Data Protection and Data Sovereignty
Data protection refers to a set of norms regarding the acceptable use, transfer, and ownership of data that extend beyond the concept of privacy. It has been defined in conflicting ways in various countries.46 The European Union (EU) put forth the most widely accepted definition via the General Data Protection Regulation (GDPR), which treats data protection as a stand-alone right and addresses the abuse, collection, and processing of personal data.47 The GDPR sets limits on data collection, storage, and processing, and creates enforceable standards for lawfulness, fairness, accountability, and transparency.48 It also includes the “right to be forgotten,” whereby users can demand that a company remove their data completely.
Although the European definition has gained traction globally as countries seeking to maintain cross-border data flows with the EU have adopted similar regulations, other nations challenge the European conception of data protection. The U.S. lacks comprehensive federal data protection legislation and has only sector-specific laws that protect education or health data, for instance. Some U.S. states, such as California have begun to debate and embrace some of the definitions and approaches encompassed in the EU GDPR model. India recently passed a bill for data protection similar to the GDPR; however, it also allows state access to data under certain circumstances, which are determined by the government, without public input. China has a strict data protection policy, but, like India, allows government access to personal data and, unlike India, restricts cross-border data flows.
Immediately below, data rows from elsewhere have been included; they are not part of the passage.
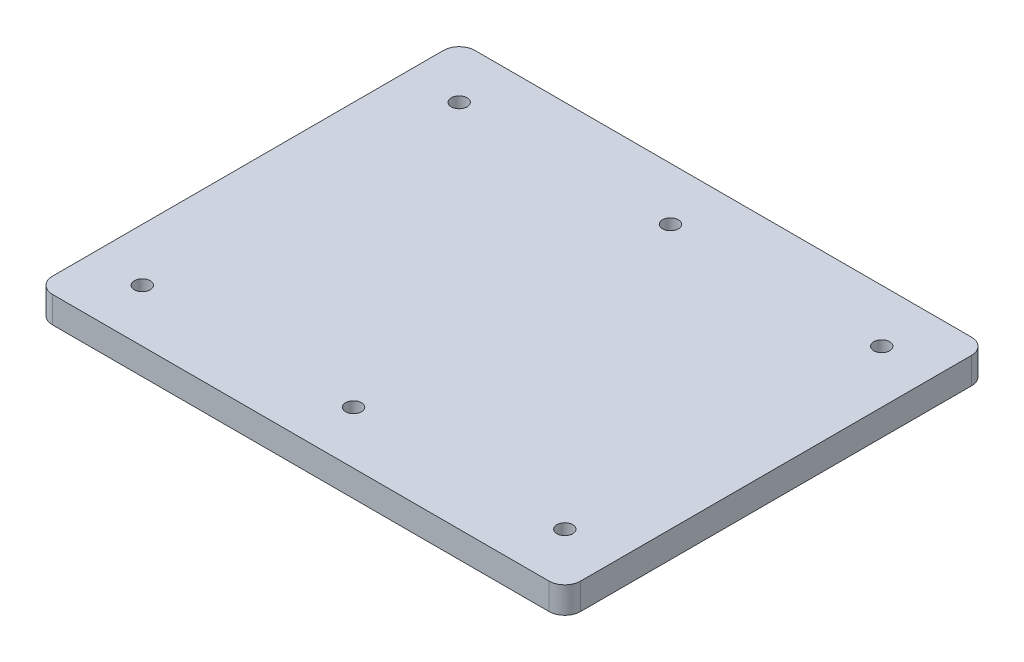
ISO-10303-21;
HEADER;
FILE_DESCRIPTION(('STEP AP214'),'2;1');
FILE_NAME('part.step','',(''),(''),'','','');
FILE_SCHEMA(('AUTOMOTIVE_DESIGN { 1 0 10303 214 1 1 1 1 }'));
ENDSEC;
DATA;
#1=APPLICATION_CONTEXT('core data for automotive mechanical design processes');
#2=APPLICATION_PROTOCOL_DEFINITION('international standard','automotive_design',2000,#1);
#3=PRODUCT_CONTEXT('',#1,'mechanical');
#4=PRODUCT('Part','Part','',(#3));
#5=PRODUCT_RELATED_PRODUCT_CATEGORY('part','',(#4));
#6=PRODUCT_DEFINITION_FORMATION('','',#4);
#7=PRODUCT_DEFINITION_CONTEXT('part definition',#1,'design');
#8=PRODUCT_DEFINITION('design','',#6,#7);
#9=PRODUCT_DEFINITION_SHAPE('','',#8);
#10=(LENGTH_UNIT() NAMED_UNIT(*) SI_UNIT(.MILLI.,.METRE.));
#11=(NAMED_UNIT(*) PLANE_ANGLE_UNIT() SI_UNIT($,.RADIAN.));
#12=(NAMED_UNIT(*) SI_UNIT($,.STERADIAN.) SOLID_ANGLE_UNIT());
#13=UNCERTAINTY_MEASURE_WITH_UNIT(LENGTH_MEASURE(1.E-05),#10,'distance_accuracy_value','');
#14=(GEOMETRIC_REPRESENTATION_CONTEXT(3) GLOBAL_UNCERTAINTY_ASSIGNED_CONTEXT((#13)) GLOBAL_UNIT_ASSIGNED_CONTEXT((#10,
#11,#12)) REPRESENTATION_CONTEXT('',''));
#15=CARTESIAN_POINT('',(0.,0.,0.));
#16=DIRECTION('',(0.,0.,1.));
#17=DIRECTION('',(1.,0.,0.));
#18=AXIS2_PLACEMENT_3D('',#15,#16,#17);
#19=CARTESIAN_POINT('',(0.,5.,0.));
#20=DIRECTION('',(0.,-1.,0.));
#21=DIRECTION('',(0.,0.,-1.));
#22=AXIS2_PLACEMENT_3D('',#19,#20,#21);
#23=PLANE('',#22);
#24=CARTESIAN_POINT('',(50.,5.,-70.));
#25=DIRECTION('',(0.,1.,0.));
#26=DIRECTION('',(0.,0.,-1.));
#27=AXIS2_PLACEMENT_3D('',#24,#25,#26);
#28=CIRCLE('',#27,1.5);
#29=CARTESIAN_POINT('',(50.,5.,-71.5));
#30=VERTEX_POINT('',#29);
#31=EDGE_CURVE('E200',#30,#30,#28,.T.);
#32=ORIENTED_EDGE('',*,*,#31,.F.);
#33=EDGE_LOOP('',(#32));
#34=FACE_BOUND('',#33,.T.);
#35=CARTESIAN_POINT('',(50.,5.,-10.));
#36=DIRECTION('',(0.,1.,0.));
#37=DIRECTION('',(0.,0.,1.));
#38=AXIS2_PLACEMENT_3D('',#35,#36,#37);
#39=CIRCLE('',#38,1.5);
#40=CARTESIAN_POINT('',(50.,5.,-8.5));
#41=VERTEX_POINT('',#40);
#42=EDGE_CURVE('E188',#41,#41,#39,.T.);
#43=ORIENTED_EDGE('',*,*,#42,.F.);
#44=EDGE_LOOP('',(#43));
#45=FACE_BOUND('',#44,.T.);
#46=CARTESIAN_POINT('',(10.,5.,-10.));
#47=DIRECTION('',(0.,1.,0.));
#48=DIRECTION('',(0.,0.,1.));
#49=AXIS2_PLACEMENT_3D('',#46,#47,#48);
#50=CIRCLE('',#49,1.5);
#51=CARTESIAN_POINT('',(10.,5.,-8.5));
#52=VERTEX_POINT('',#51);
#53=EDGE_CURVE('E129',#52,#52,#50,.T.);
#54=ORIENTED_EDGE('',*,*,#53,.F.);
#55=EDGE_LOOP('',(#54));
#56=FACE_BOUND('',#55,.T.);
#57=DIRECTION('',(-1.,0.,0.));
#58=VECTOR('',#57,1.);
#59=CARTESIAN_POINT('',(0.,5.,-80.));
#60=LINE('',#59,#58);
#61=CARTESIAN_POINT('',(97.,5.,-80.));
#62=VERTEX_POINT('',#61);
#63=CARTESIAN_POINT('',(3.,5.,-80.));
#64=VERTEX_POINT('',#63);
#65=EDGE_CURVE('E138',#62,#64,#60,.T.);
#66=ORIENTED_EDGE('',*,*,#65,.T.);
#67=CARTESIAN_POINT('',(3.,5.,-77.));
#68=DIRECTION('',(0.,-1.,0.));
#69=DIRECTION('',(0.,0.,-1.));
#70=AXIS2_PLACEMENT_3D('',#67,#68,#69);
#71=CIRCLE('',#70,3.);
#72=CARTESIAN_POINT('',(0.,5.,-77.));
#73=VERTEX_POINT('',#72);
#74=EDGE_CURVE('E157',#64,#73,#71,.F.);
#75=ORIENTED_EDGE('',*,*,#74,.T.);
#76=DIRECTION('',(0.,0.,1.));
#77=VECTOR('',#76,1.);
#78=CARTESIAN_POINT('',(0.,5.,0.));
#79=LINE('',#78,#77);
#80=CARTESIAN_POINT('',(0.,5.,-3.));
#81=VERTEX_POINT('',#80);
#82=EDGE_CURVE('E121',#73,#81,#79,.T.);
#83=ORIENTED_EDGE('',*,*,#82,.T.);
#84=CARTESIAN_POINT('',(3.,5.,-3.));
#85=DIRECTION('',(0.,-1.,0.));
#86=DIRECTION('',(0.,0.,-1.));
#87=AXIS2_PLACEMENT_3D('',#84,#85,#86);
#88=CIRCLE('',#87,3.);
#89=CARTESIAN_POINT('',(3.,5.,0.));
#90=VERTEX_POINT('',#89);
#91=EDGE_CURVE('E152',#81,#90,#88,.F.);
#92=ORIENTED_EDGE('',*,*,#91,.T.);
#93=DIRECTION('',(1.,0.,0.));
#94=VECTOR('',#93,1.);
#95=CARTESIAN_POINT('',(0.,5.,0.));
#96=LINE('',#95,#94);
#97=CARTESIAN_POINT('',(97.,5.,0.));
#98=VERTEX_POINT('',#97);
#99=EDGE_CURVE('E168',#90,#98,#96,.T.);
#100=ORIENTED_EDGE('',*,*,#99,.T.);
#101=CARTESIAN_POINT('',(97.,5.,-3.));
#102=DIRECTION('',(0.,-1.,0.));
#103=DIRECTION('',(0.,0.,-1.));
#104=AXIS2_PLACEMENT_3D('',#101,#102,#103);
#105=CIRCLE('',#104,3.);
#106=CARTESIAN_POINT('',(100.,5.,-3.));
#107=VERTEX_POINT('',#106);
#108=EDGE_CURVE('E57',#98,#107,#105,.F.);
#109=ORIENTED_EDGE('',*,*,#108,.T.);
#110=DIRECTION('',(0.,0.,-1.));
#111=VECTOR('',#110,1.);
#112=CARTESIAN_POINT('',(100.,5.,0.));
#113=LINE('',#112,#111);
#114=CARTESIAN_POINT('',(100.,5.,-77.));
#115=VERTEX_POINT('',#114);
#116=EDGE_CURVE('E176',#107,#115,#113,.T.);
#117=ORIENTED_EDGE('',*,*,#116,.T.);
#118=CARTESIAN_POINT('',(97.,5.,-77.));
#119=DIRECTION('',(0.,-1.,0.));
#120=DIRECTION('',(0.,0.,-1.));
#121=AXIS2_PLACEMENT_3D('',#118,#119,#120);
#122=CIRCLE('',#121,3.);
#123=EDGE_CURVE('E155',#115,#62,#122,.F.);
#124=ORIENTED_EDGE('',*,*,#123,.T.);
#125=EDGE_LOOP('',(#66,#75,#83,#92,#100,#109,#117,#124));
#126=FACE_BOUND('',#125,.T.);
#127=CARTESIAN_POINT('',(90.,5.,-70.));
#128=DIRECTION('',(0.,1.,0.));
#129=DIRECTION('',(0.,0.,-1.));
#130=AXIS2_PLACEMENT_3D('',#127,#128,#129);
#131=CIRCLE('',#130,1.5);
#132=CARTESIAN_POINT('',(90.,5.,-71.5));
#133=VERTEX_POINT('',#132);
#134=EDGE_CURVE('E183',#133,#133,#131,.T.);
#135=ORIENTED_EDGE('',*,*,#134,.F.);
#136=EDGE_LOOP('',(#135));
#137=FACE_BOUND('',#136,.T.);
#138=CARTESIAN_POINT('',(90.,5.,-10.));
#139=DIRECTION('',(0.,1.,0.));
#140=DIRECTION('',(0.,0.,1.));
#141=AXIS2_PLACEMENT_3D('',#138,#139,#140);
#142=CIRCLE('',#141,1.5);
#143=CARTESIAN_POINT('',(90.,5.,-8.5));
#144=VERTEX_POINT('',#143);
#145=EDGE_CURVE('E194',#144,#144,#142,.T.);
#146=ORIENTED_EDGE('',*,*,#145,.F.);
#147=EDGE_LOOP('',(#146));
#148=FACE_BOUND('',#147,.T.);
#149=CARTESIAN_POINT('',(10.,5.,-70.));
#150=DIRECTION('',(0.,1.,0.));
#151=DIRECTION('',(0.,0.,-1.));
#152=AXIS2_PLACEMENT_3D('',#149,#150,#151);
#153=CIRCLE('',#152,1.5);
#154=CARTESIAN_POINT('',(10.,5.,-71.5));
#155=VERTEX_POINT('',#154);
#156=EDGE_CURVE('E206',#155,#155,#153,.T.);
#157=ORIENTED_EDGE('',*,*,#156,.F.);
#158=EDGE_LOOP('',(#157));
#159=FACE_BOUND('',#158,.T.);
#160=ADVANCED_FACE('F35',(#34,#45,#56,#126,#137,#148,#159),#23,.F.);
#161=CARTESIAN_POINT('',(0.,0.,0.));
#162=DIRECTION('',(0.,-1.,0.));
#163=DIRECTION('',(0.,0.,-1.));
#164=AXIS2_PLACEMENT_3D('',#161,#162,#163);
#165=PLANE('',#164);
#166=CARTESIAN_POINT('',(50.,0.,-70.));
#167=DIRECTION('',(0.,1.,0.));
#168=DIRECTION('',(0.,0.,-1.));
#169=AXIS2_PLACEMENT_3D('',#166,#167,#168);
#170=CIRCLE('',#169,1.5);
#171=CARTESIAN_POINT('',(50.,0.,-71.5));
#172=VERTEX_POINT('',#171);
#173=EDGE_CURVE('E203',#172,#172,#170,.T.);
#174=ORIENTED_EDGE('',*,*,#173,.T.);
#175=EDGE_LOOP('',(#174));
#176=FACE_BOUND('',#175,.T.);
#177=CARTESIAN_POINT('',(50.,0.,-10.));
#178=DIRECTION('',(0.,1.,0.));
#179=DIRECTION('',(0.,0.,1.));
#180=AXIS2_PLACEMENT_3D('',#177,#178,#179);
#181=CIRCLE('',#180,1.5);
#182=CARTESIAN_POINT('',(50.,0.,-8.5));
#183=VERTEX_POINT('',#182);
#184=EDGE_CURVE('E191',#183,#183,#181,.T.);
#185=ORIENTED_EDGE('',*,*,#184,.T.);
#186=EDGE_LOOP('',(#185));
#187=FACE_BOUND('',#186,.T.);
#188=CARTESIAN_POINT('',(10.,0.,-10.));
#189=DIRECTION('',(0.,1.,0.));
#190=DIRECTION('',(0.,0.,1.));
#191=AXIS2_PLACEMENT_3D('',#188,#189,#190);
#192=CIRCLE('',#191,1.5);
#193=CARTESIAN_POINT('',(10.,0.,-8.5));
#194=VERTEX_POINT('',#193);
#195=EDGE_CURVE('E135',#194,#194,#192,.T.);
#196=ORIENTED_EDGE('',*,*,#195,.T.);
#197=EDGE_LOOP('',(#196));
#198=FACE_BOUND('',#197,.T.);
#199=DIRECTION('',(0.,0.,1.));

As a starting point for mapping the global fault lines in this area, the task force began by disentangling the terms data privacy and data protection. Notions of privacy are grounded in values and norms and vary widely among different cultures, so it would be difficult for a shared understanding of data privacy to emerge and form the basis for a global data protection governance framework. As a general approach, the group determined that discussions about data protection must start with values, then move to rights, and finally consider implementation.
Related to data protection is the notion of data sovereignty, which is also a contested term that came into vogue after former National Security Agency employee Edward Snowden disclosed the U.S. and U.K. governments’ metadata surveillance program.49 A basic definition of data sovereignty is “a state’s ability to control data originating and passing through its territory.”50 Because cyberspace transcends geographic borders, it poses a direct challenge to the prevailing terrestrial nation-state conception of sovereignty as geographically bound quality determined by international or regional agreement. Other literature describes data sovereignty as it relates to the individual, with some authors likening it to bodily sovereignty endowed to citizens per Enlightenment conceptions, particularly when it comes to health data, and tying it to the right to personal data protection.51 Across the scholarly discourse, the prevailing themes when it comes to data sovereignty are control and power: Who has sovereignty over different kinds of data, and what can those entities do with that data?
Among nations, data sovereignty is a highly contentious issue. The EU believes that states should have control over the data of its citizens to protect their rights from the overreach of corporations, law enforcement and intelligence agencies, and government regulators. The U.S., on the other hand, sees the control of data as conferring national economic and security benefits and protecting the U.S. from foreign adversaries.52 After the Snowden revelations exposed the extent of U.S. data abuse on national security grounds, this divergence broke out into the open, as the EU terminated the “EU-U.S. Safe Harbour Agreement” and subsequently the “Privacy Shield,” which served as the legal frameworks for regulating cross-border commercial data flows between the EU and the U.S.53
In July 2023, the EU and U.S. came to a new adequacy decision under the EU-U.S. Privacy Framework, which European officials claimed is a “very robust solution” to a long-standing legal debate. However, Max Schrems, an Austrian activist whose legal challenges to the past two privacy frameworks led to their invalidation by the Court of Justice of the EU, has announced that he will challenge this latest iteration.54 The survival of the agreement, as well as any prospective successors, will likely remain in question so long as the U.S. continues to collect the data of foreign nationals under Section 702 of the Foreign Intelligence Surveillance Act.55 At the core of this disagreement is the desire to exercise control over data.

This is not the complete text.